Here's a problem that I can't seem to solve. It was discussed to us last week, but I had a fever so I wasn't able to understand the answer and solution.
Due to inclement weather, the pilot of a plane slows down the plane’s regular flying rate by $25. This results to an additional $1.5$ hours in covering the 3,000-km distance to its regular time required for the trip. Find the regular rate of the trip.

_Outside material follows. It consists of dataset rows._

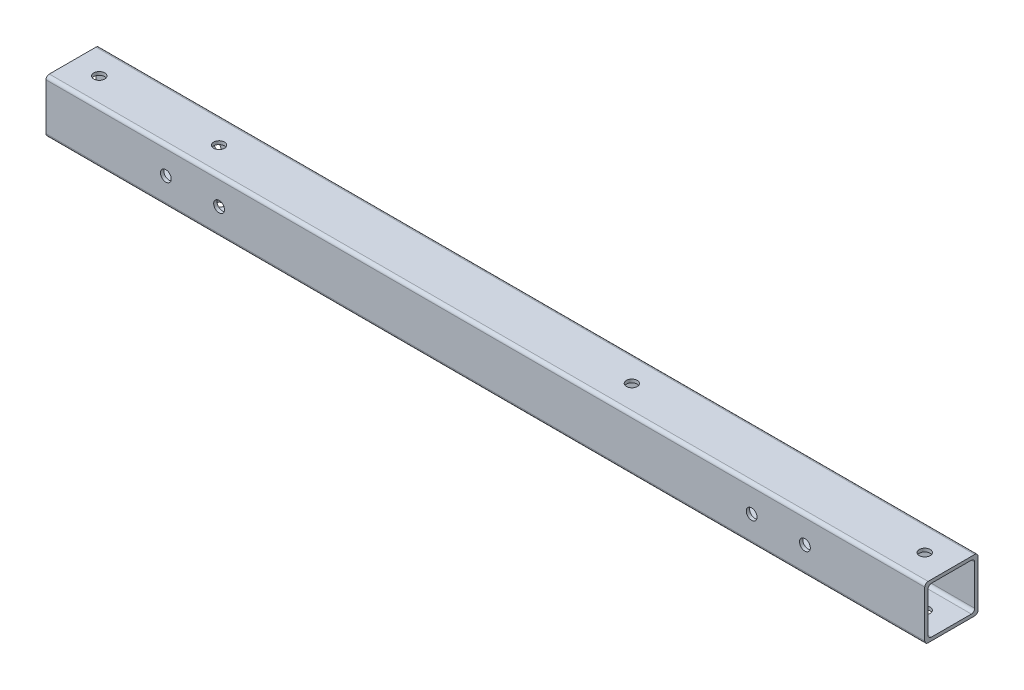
from build123d import *

# Parameters (mm, degrees)
SKETCH1_W          = 1676.4
SKETCH1_H          = 101.6
EXTRUDE1_DEPTH     = 101.6
CUT_EXTRUDE1_REACH = 1684.546
SKETCH2_W          = 88.9
SKETCH2_H          = 88.9
SKETCH3_R          = 10.31875
CUT_EXTRUDE2_DEPTH = 1683.546308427
FILLET1_R          = 6.35
SKETCH5_R          = 10.31875
CUT_EXTRUDE4_DEPTH = 101.6
SKETCH6_R          = 10.31875
CUT_EXTRUDE5_DEPTH = 101.6
SKETCH8_R          = 10.31875
CUT_EXTRUDE7_DEPTH = 101.6


with BuildPart() as part:
    # Sketch1 → Extrude1 (new body)
    with BuildSketch(Plane(origin=(0, 0, 0), x_dir=(1, 0, 0), z_dir=(0, 1, 0))):
        with Locations((-838.2, -50.8)):
            Rectangle(SKETCH1_W, SKETCH1_H)
    extrude(amount=EXTRUDE1_DEPTH)

    # Sketch2 → Cut-Extrude1 (cut, up to next)
    with BuildSketch(Plane.ZY.offset(1676.4), mode=Mode.PRIVATE) as cut_extrude1_sk1:
        with Locations((50.8, 50.8)):
            Rectangle(SKETCH2_W, SKETCH2_H)
    cut_extrude1_tool1 = extrude(cut_extrude1_sk1.sketch, amount=-CUT_EXTRUDE1_REACH, mode=Mode.PRIVATE) & part.part
    add(cut_extrude1_tool1.solids().sort_by_distance((-1676.4, 50.8, 50.8))[0], mode=Mode.SUBTRACT)

    # Sketch3 → Cut-Extrude2 (cut, through all)
    with BuildSketch(Plane(origin=(0, 101.6, 0), x_dir=(1, 0, 0), z_dir=(0, 1, 0))):
        with Locations(Location((-1625.6, -50.8, 0), (0, 0, 270))):
            Circle(SKETCH3_R)
    cut_extrude2 = extrude(amount=-CUT_EXTRUDE2_DEPTH, mode=Mode.SUBTRACT)

    # Fillet1
    fillet1_edges = [part.edges().sort_by_distance(p)[0] for p in [
        (-838.2, 101.6, 101.6),
        (-838.2, 6.35, 6.35),
        (-838.2, 95.25, 6.35),
        (-838.2, 95.25, 95.25),
        (-838.2, 6.35, 95.25),
        (-838.2, 0, 101.6),
        (-838.2, 0, 0),
        (-838.2, 101.6, 0),
    ]]
    fillet(fillet1_edges, radius=FILLET1_R)

    # Sketch5 → Cut-Extrude4 (cut)
    with BuildSketch(Plane(origin=(0, 0, 0), x_dir=(-1, 0, 0), z_dir=(0, 0, -1))):
        with Locations((1447.8, 50.8)):
            Circle(SKETCH5_R)
        with Locations((1346.2, 50.8)):
            Circle(SKETCH5_R)
    cut_extrude4 = extrude(amount=-CUT_EXTRUDE4_DEPTH, mode=Mode.SUBTRACT)

    # Mirror1: Cut-Extrude2, Cut-Extrude4 across plane
    add(cut_extrude2.mirror(Plane(origin=(-838.2, 0, 0), x_dir=(0, 0, 1), z_dir=(1, 0, 0))), mode=Mode.SUBTRACT)
    add(cut_extrude4.mirror(Plane(origin=(-838.2, 0, 0), x_dir=(0, 0, 1), z_dir=(1, 0, 0))), mode=Mode.SUBTRACT)

    # Sketch6 → Cut-Extrude5 (cut)
    with BuildSketch(Plane(origin=(0, 101.6, 0), x_dir=(1, 0, 0), z_dir=(0, 1, 0))):
        with Locations(Location((-609.6, -50.8, 0), (0, 0, 270))):
            Circle(SKETCH6_R)
    extrude(amount=-CUT_EXTRUDE5_DEPTH, mode=Mode.SUBTRACT)

    # Sketch8 → Cut-Extrude7 (cut)
    with BuildSketch(Plane(origin=(0, 101.6, 0), x_dir=(1, 0, 0), z_dir=(0, 1, 0))):
        with Locations(Location((-1397, -50.8, 0), (0, 0, 270))):
            Circle(SKETCH8_R)
    extrude(amount=-CUT_EXTRUDE7_DEPTH, mode=Mode.SUBTRACT)


solid = part.part

The pilot is moving at $\frac {3v}{4}$ of its normal speed and it took the regular time $t+1.5hrs$ to arrive. Perhaps you can use the formula $vt=d$ and apply it here?
Let regular rate be S.
Then reduced rate during trip = .75S
Time to cover 3,000 km at regular rate = $\frac{3000}{S}$
Time to cover 3,000 km at reduced rate = $\frac{3000}{.75S}$
Difference in time 1.5 hours.
$\frac{3000}{.75S} - \frac{3000}{S} = 1.5$
Solve it to find S that is the required answer.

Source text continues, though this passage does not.